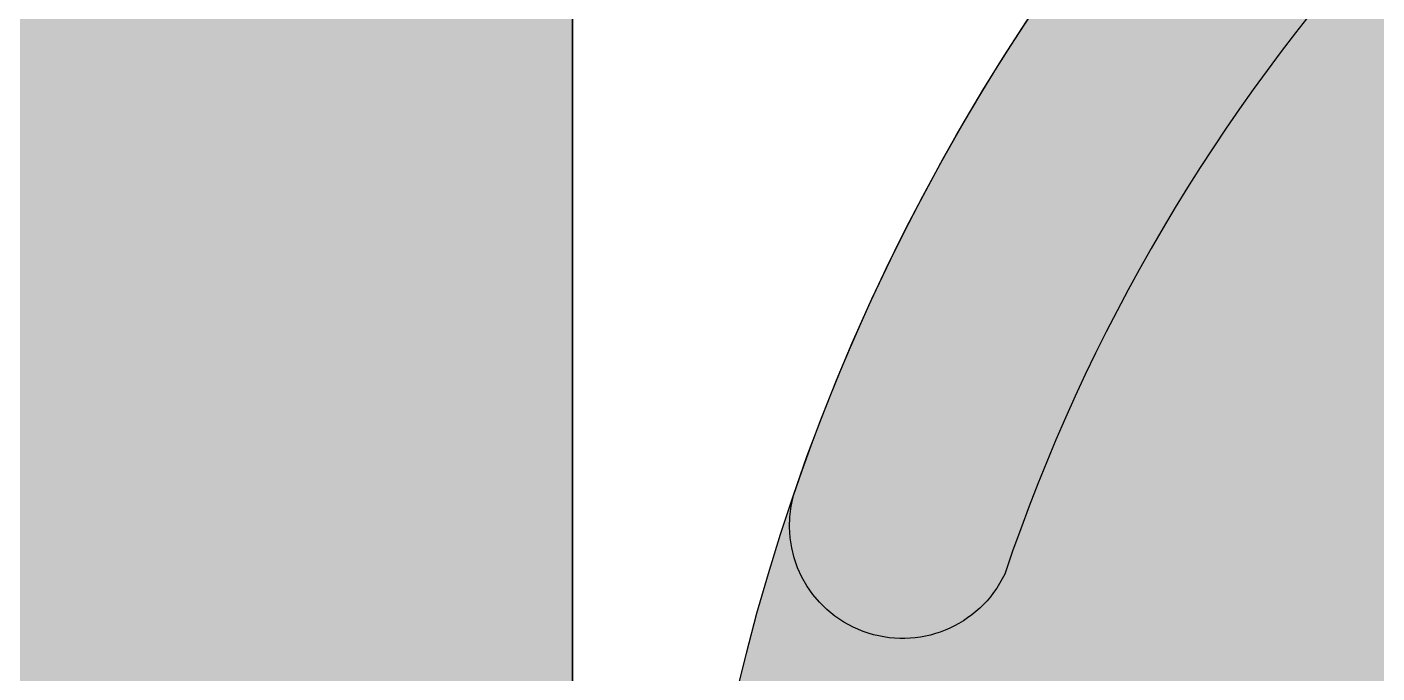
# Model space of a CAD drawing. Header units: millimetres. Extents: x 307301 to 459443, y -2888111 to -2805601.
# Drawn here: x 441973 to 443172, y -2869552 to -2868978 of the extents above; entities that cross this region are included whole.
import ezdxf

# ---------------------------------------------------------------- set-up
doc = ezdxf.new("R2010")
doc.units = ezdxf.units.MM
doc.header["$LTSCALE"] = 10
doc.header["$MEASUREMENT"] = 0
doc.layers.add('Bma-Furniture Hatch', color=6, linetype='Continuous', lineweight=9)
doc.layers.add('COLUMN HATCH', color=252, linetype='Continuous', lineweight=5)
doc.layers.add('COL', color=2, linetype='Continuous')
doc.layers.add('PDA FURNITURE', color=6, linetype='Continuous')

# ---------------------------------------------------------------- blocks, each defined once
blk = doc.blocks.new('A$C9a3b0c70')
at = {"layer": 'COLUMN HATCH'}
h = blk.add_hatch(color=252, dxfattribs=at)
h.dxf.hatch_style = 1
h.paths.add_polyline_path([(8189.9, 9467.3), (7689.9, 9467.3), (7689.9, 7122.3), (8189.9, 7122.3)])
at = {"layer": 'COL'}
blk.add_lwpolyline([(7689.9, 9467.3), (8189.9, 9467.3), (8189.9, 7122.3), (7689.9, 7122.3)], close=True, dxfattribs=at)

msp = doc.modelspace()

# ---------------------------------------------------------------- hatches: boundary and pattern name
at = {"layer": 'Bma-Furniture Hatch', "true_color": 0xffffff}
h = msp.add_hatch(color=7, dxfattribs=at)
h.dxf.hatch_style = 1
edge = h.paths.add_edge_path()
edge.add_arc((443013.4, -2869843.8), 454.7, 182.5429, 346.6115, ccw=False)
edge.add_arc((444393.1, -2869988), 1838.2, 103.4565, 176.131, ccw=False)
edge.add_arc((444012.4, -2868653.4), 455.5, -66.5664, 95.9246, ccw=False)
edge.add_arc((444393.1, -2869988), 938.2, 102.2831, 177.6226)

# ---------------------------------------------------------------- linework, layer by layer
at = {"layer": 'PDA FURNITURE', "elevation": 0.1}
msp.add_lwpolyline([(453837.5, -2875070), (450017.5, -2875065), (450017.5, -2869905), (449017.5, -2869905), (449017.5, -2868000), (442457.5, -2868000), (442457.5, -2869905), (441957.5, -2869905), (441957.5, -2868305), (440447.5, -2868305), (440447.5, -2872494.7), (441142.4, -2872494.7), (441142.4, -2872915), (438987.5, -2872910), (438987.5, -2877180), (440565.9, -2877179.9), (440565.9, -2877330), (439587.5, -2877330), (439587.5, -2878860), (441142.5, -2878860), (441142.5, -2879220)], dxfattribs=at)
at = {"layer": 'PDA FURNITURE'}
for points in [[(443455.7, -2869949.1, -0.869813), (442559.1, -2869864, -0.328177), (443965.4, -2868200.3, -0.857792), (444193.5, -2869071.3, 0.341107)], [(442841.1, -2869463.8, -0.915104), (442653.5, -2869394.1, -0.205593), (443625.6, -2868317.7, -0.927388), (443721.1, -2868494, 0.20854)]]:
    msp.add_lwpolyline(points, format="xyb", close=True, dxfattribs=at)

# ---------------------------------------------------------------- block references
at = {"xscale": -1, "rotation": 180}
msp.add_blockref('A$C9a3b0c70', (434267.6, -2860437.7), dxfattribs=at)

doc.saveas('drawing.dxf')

## What this task involves:
Where a line of the listing holds "drawing", show that line.

## Response area:
# Model space of a CAD drawing. Header units: millimetres. Extents: x 307301 to 459443, y -2888111 to -2805601.
doc.saveas('drawing.dxf')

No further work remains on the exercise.